▸ **Exercise directions**
All lines in the data bearing the string "import" should be identified and copied.

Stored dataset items
============================================================

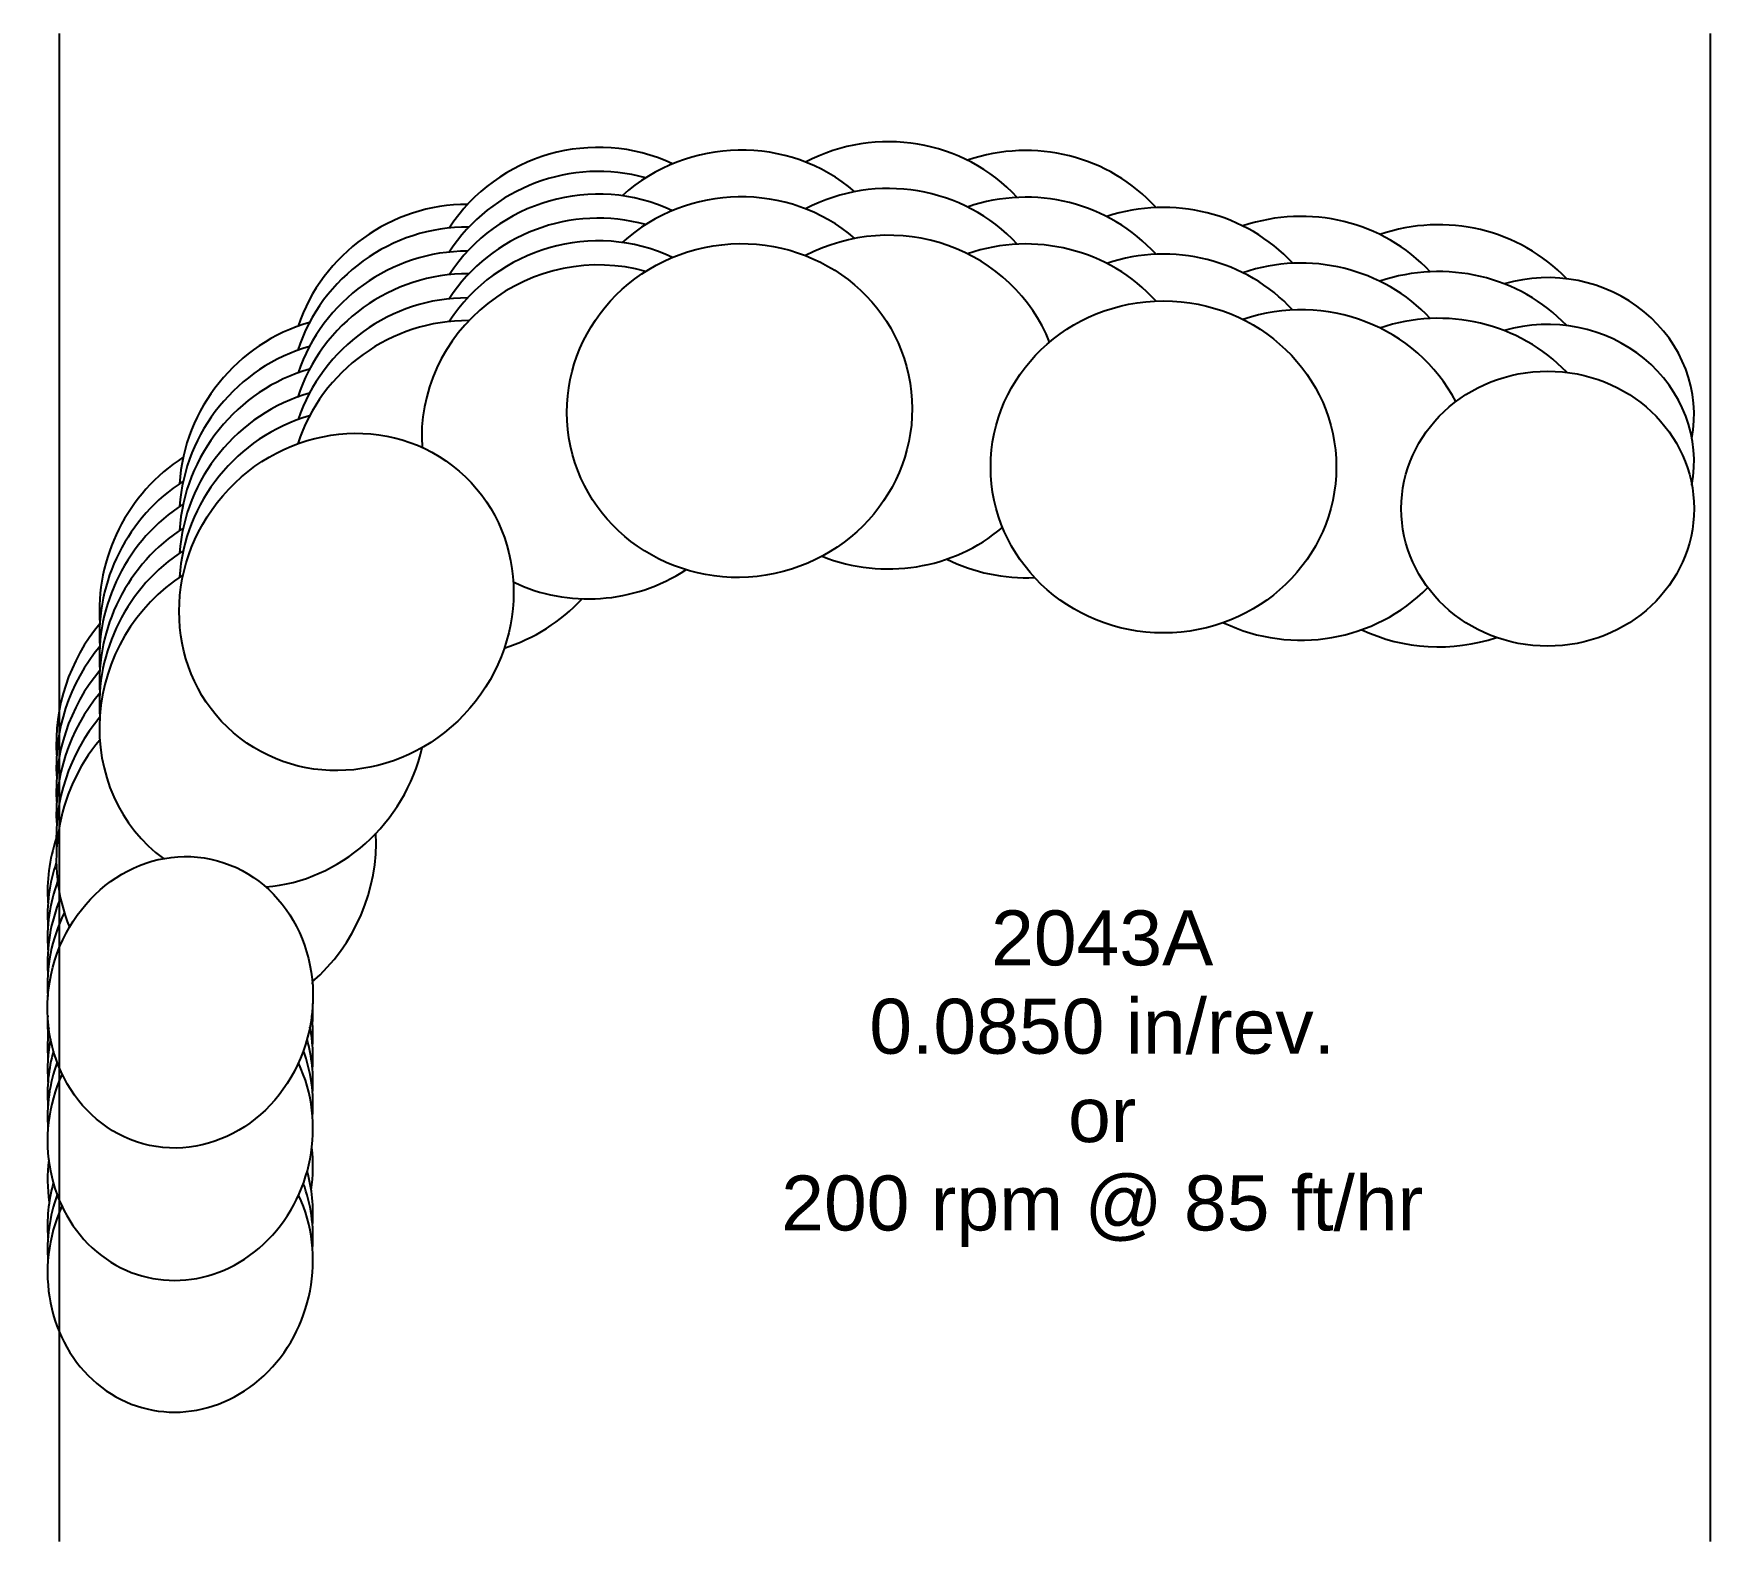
# Model space of a CAD drawing. Header units: inches. Extents: x -3.05 to 0, y -2.12 to 0.62.
import ezdxf
from ezdxf.enums import TextEntityAlignment as Align

# ---------------------------------------------------------------- set-up
doc = ezdxf.new("R2010")
doc.units = ezdxf.units.IN
doc.header["$MEASUREMENT"] = 0
for name, color, linetype in [('Blade_1', 30, 'Continuous'), ('Blade_2', 52, 'Continuous'), ('Blade_3', 92, 'Continuous'), ('Blade_4', 132, 'Continuous'), ('Blade_5', 152, 'Continuous'), ('Blade_6', 190, 'Continuous'), ('Gage_Line', 7, 'Continuous')]:
    doc.layers.add(name, color=color, linetype=linetype)
doc.styles.get("Standard").update_dxf_attribs({"font": 'arial.ttf'})

msp = doc.modelspace()

# ---------------------------------------------------------------- linework, layer by layer
at = {"layer": 'Blade_1'}
for centre, major_axis, ratio, start_param, end_param in [((-1.7644, 0.106), (0.31, 0.0497), 0.965543, 6.968082, 8.446772), ((-1.7644, 0.021), (0.31, 0.0497), 0.965543, 6.968082, 8.446772), ((-0.994, 0.0034), (0.314, 0), 0.961262, 7.00885, 8.188574), ((-0.994, -0.0816), (0.314, 0), 0.961262, 7.00885, 8.188574), ((-0.2958, -0.0724), (0.266, 0), 0.939693, 6.112327, 8.155544), ((-0.2958, -0.1574), (0.266, 0), 0.939693, 6.112327, 8.155544), ((-2.4788, -0.242), (0.2049, 0.238), 0.942785, 7.245587, 8.523943), ((-2.4788, -0.327), (0.2049, 0.238), 0.942785, 7.245587, 8.523943), ((-2.7807, -0.9697), (0.0558, 0.2601), 0.902105, 1.439081, 1.882626), ((-2.7807, -1.0547), (0.0558, 0.2601), 0.902105, 7.642602, 8.165811)]:
    msp.add_ellipse(centre, major_axis=major_axis, ratio=ratio, start_param=start_param, end_param=end_param, dxfattribs=at)
for centre, major_axis, ratio in [((-1.7644, -0.064), (0.31, 0.0497), 0.965543), ((-0.994, -0.1666), (0.314, 0), 0.961262), ((-0.2958, -0.2424), (0.266, 0), 0.939693), ((-2.4788, -0.412), (0.2049, 0.238), 0.942785), ((-2.7807, -1.1397), (0.0558, 0.2601), 0.902105)]:
    msp.add_ellipse(centre, major_axis=major_axis, ratio=ratio, dxfattribs=at)
at = {"layer": 'Blade_2'}
for centre, major_axis, ratio, start_param, end_param in [((-2.03, 0.0671), (0.2871, 0.1271), 0.960247, 7.142234, 8.449753), ((-2.03, -0.0179), (0.2871, 0.1271), 0.960247, 7.142234, 8.449753), ((-2.03, -0.1029), (0.2871, 0.1271), 0.960247, 7.142234, 9.085816), ((-2.6301, -0.4523), (0.1548, 0.2732), 0.930113, 7.34022, 8.471144), ((-2.6301, -0.5373), (0.1548, 0.2732), 0.930113, 7.34022, 8.471144), ((-2.6301, -0.6223), (0.1548, 0.2732), 0.930113, 7.34022, 9.317928), ((-2.03, -0.1029), (0.2871, 0.1271), 0.960247, 3.825186, 4.880085), ((-2.6301, -0.6223), (0.1548, 0.2732), 0.930113, 3.70521, 5.021018), ((-2.7807, -1.2105), (0.0558, 0.2601), 0.902105, 1.670459, 1.882626), ((-2.7807, -1.2105), (0.0558, 0.2601), 0.902105, 4.867942, 5.080108), ((-2.7807, -1.2955), (0.0558, 0.2601), 0.902105, 4.867942, 5.244704), ((-2.7807, -1.2955), (0.0558, 0.2601), 0.902105, 1.505863, 1.882626), ((-2.7807, -1.3805), (0.0558, 0.2601), 0.902105, 1.332358, 5.41821)]:
    msp.add_ellipse(centre, major_axis=major_axis, ratio=ratio, start_param=start_param, end_param=end_param, dxfattribs=at)
at = {"layer": 'Blade_3'}
for centre, major_axis, ratio, start_param, end_param in [((-1.4939, 0.1213), (0.314, 0.0012), 0.965925, 7.007993, 8.349491), ((-1.4939, 0.0363), (0.314, 0.0012), 0.965925, 7.007993, 8.349491), ((-0.744, -0.0113), (0.314, 0), 0.956305, 7.009991, 8.197538), ((-2.2736, -0.0356), (0.2496, 0.1905), 0.95445, 7.168619, 8.481091), ((-1.4939, -0.0487), (0.314, 0.0012), 0.965925, 6.647113, 8.349491), ((-0.744, -0.0963), (0.314, 0), 0.956305, 7.009991, 8.197538), ((-2.2736, -0.1206), (0.2496, 0.1905), 0.95445, 7.168619, 8.481091), ((-0.744, -0.1813), (0.314, 0), 0.956305, 6.74379, 8.197538), ((-2.2736, -0.2056), (0.2496, 0.1905), 0.95445, 7.168619, 8.481091), ((-1.4939, -0.0487), (0.314, 0.0012), 0.965925, 4.315295, 5.430067), ((-0.744, -0.1813), (0.314, 0), 0.956305, 4.24729, 5.534994), ((-2.2736, -0.2056), (0.2496, 0.1905), 0.95445, 4.350602, 4.890975), ((-2.7153, -0.694), (0.1018, 0.297), 0.916617, 7.456448, 8.282179), ((-2.7153, -0.779), (0.1018, 0.297), 0.916617, 7.456448, 8.282179), ((-2.7153, -0.864), (0.1018, 0.297), 0.916617, 7.456448, 8.621713), ((-2.7153, -0.864), (0.1018, 0.297), 0.916617, 4.143827, 5.118811), ((-2.7807, -1.4499), (0.0558, 0.2601), 0.902105, 1.672899, 1.965764), ((-2.7807, -1.4499), (0.0558, 0.2601), 0.902105, 4.784804, 5.077668), ((-2.7807, -1.5349), (0.0558, 0.2601), 0.902105, 4.863467, 5.242174), ((-2.7807, -1.6199), (0.0558, 0.2601), 0.902105, 1.335072, 5.415495), ((-2.7807, -1.5349), (0.0558, 0.2601), 0.902105, 1.508393, 1.887101)]:
    msp.add_ellipse(centre, major_axis=major_axis, ratio=ratio, start_param=start_param, end_param=end_param, dxfattribs=at)
at = {"layer": 'Blade_4'}
for centre, major_axis, ratio, start_param, end_param in [((-2.4788, -0.1983), (0.2049, 0.238), 0.942785, 7.245587, 8.532005), ((-2.4788, -0.2833), (0.2049, 0.238), 0.942785, 7.245587, 8.532005), ((-2.4788, -0.3683), (0.2049, 0.238), 0.942785, 7.245587, 8.532005), ((-2.7807, -0.9261), (0.0558, 0.2601), 0.902105, 7.722571, 8.170286), ((-2.7807, -1.0111), (0.0558, 0.2601), 0.902105, 7.695841, 8.170286), ((-2.7807, -1.0961), (0.0558, 0.2601), 0.902105, 7.579555, 8.170286), ((-2.7807, -1.0961), (0.0558, 0.2601), 0.902105, 4.863467, 4.881051)]:
    msp.add_ellipse(centre, major_axis=major_axis, ratio=ratio, start_param=start_param, end_param=end_param, dxfattribs=at)
at = {"layer": 'Blade_5'}
for centre, major_axis, ratio, start_param, end_param in [((-2.03, 0.1108), (0.2871, 0.1271), 0.960247, 6.973135, 8.449753), ((-1.244, 0.1054), (0.314, 0), 0.965926, 7.001149, 8.198145), ((-2.03, 0.0258), (0.2871, 0.1271), 0.960247, 6.973135, 8.449753), ((-1.244, 0.0204), (0.314, 0), 0.965926, 7.001149, 8.198145), ((-2.03, -0.0592), (0.2871, 0.1271), 0.960247, 6.973135, 8.449753), ((-0.494, -0.025), (0.314, 0), 0.951057, 7.019003, 8.200422), ((-1.244, -0.0646), (0.314, 0), 0.965926, 7.001149, 8.198145), ((-0.494, -0.11), (0.314, 0), 0.951057, 7.019003, 8.200422), ((-0.494, -0.195), (0.314, 0), 0.951057, 7.019003, 8.200422), ((-2.6301, -0.4086), (0.1548, 0.2732), 0.930113, 7.34022, 8.478256), ((-2.6301, -0.4936), (0.1548, 0.2732), 0.930113, 7.34022, 8.478256), ((-2.6301, -0.5786), (0.1548, 0.2732), 0.930113, 7.34022, 8.478256), ((-1.244, -0.0646), (0.314, 0), 0.965926, 4.236177, 4.762258), ((-0.494, -0.195), (0.314, 0), 0.951057, 4.251117, 5.052999), ((-2.7807, -1.1668), (0.0558, 0.2601), 0.902105, 4.863467, 4.997211), ((-2.7807, -1.1668), (0.0558, 0.2601), 0.902105, 1.753357, 1.887101), ((-2.7807, -1.2518), (0.0558, 0.2601), 0.902105, 4.863467, 5.15938), ((-2.7807, -1.2518), (0.0558, 0.2601), 0.902105, 1.591187, 1.887101), ((-2.7807, -1.3368), (0.0558, 0.2601), 0.902105, 1.423039, 1.887101), ((-2.7807, -1.3368), (0.0558, 0.2601), 0.902105, 4.863467, 5.327528)]:
    msp.add_ellipse(centre, major_axis=major_axis, ratio=ratio, start_param=start_param, end_param=end_param, dxfattribs=at)
at = {"layer": 'Blade_6'}
for centre, major_axis, ratio, start_param, end_param in [((-2.2736, 0.0057), (0.2496, 0.1905), 0.95445, 7.175759, 8.471956), ((-2.2736, -0.0793), (0.2496, 0.1905), 0.95445, 7.175759, 8.471956), ((-2.2736, -0.1643), (0.2496, 0.1905), 0.95445, 7.175759, 8.471956), ((-2.7153, -0.6527), (0.1018, 0.297), 0.916617, 7.455669, 8.278373), ((-2.7153, -0.7377), (0.1018, 0.297), 0.916617, 7.455669, 8.278373), ((-2.7153, -0.8227), (0.1018, 0.297), 0.916617, 7.455669, 8.278373), ((-2.7807, -1.5786), (0.0558, 0.2601), 0.902105, 1.420839, 1.882626), ((-2.7807, -1.5786), (0.0558, 0.2601), 0.902105, 4.867942, 5.329728)]:
    msp.add_ellipse(centre, major_axis=major_axis, ratio=ratio, start_param=start_param, end_param=end_param, dxfattribs=at)
at = {"layer": 'Gage_Line'}
for p, q in [((-3, -2.1199), (-3, 0.6213)), ((0, -2.1199), (0, 0.6213))]:
    msp.add_line(p, q, dxfattribs=at)

# ---------------------------------------------------------------- texts
for s, p in [('2043A', (-1.1053, -1.0227)), ('0.0850 in/rev.', (-1.1053, -1.1833)), ('or', (-1.1053, -1.3439)), ('200 rpm @ 85 ft/hr', (-1.1053, -1.5046))]:
    msp.add_text(s, height=0.1, dxfattribs=at).set_placement(p, align=Align.MIDDLE_CENTER)

doc.saveas('drawing.dxf')

============================================================

▸ **Exercise answer**
import ezdxf
from ezdxf.enums import TextEntityAlignment as Align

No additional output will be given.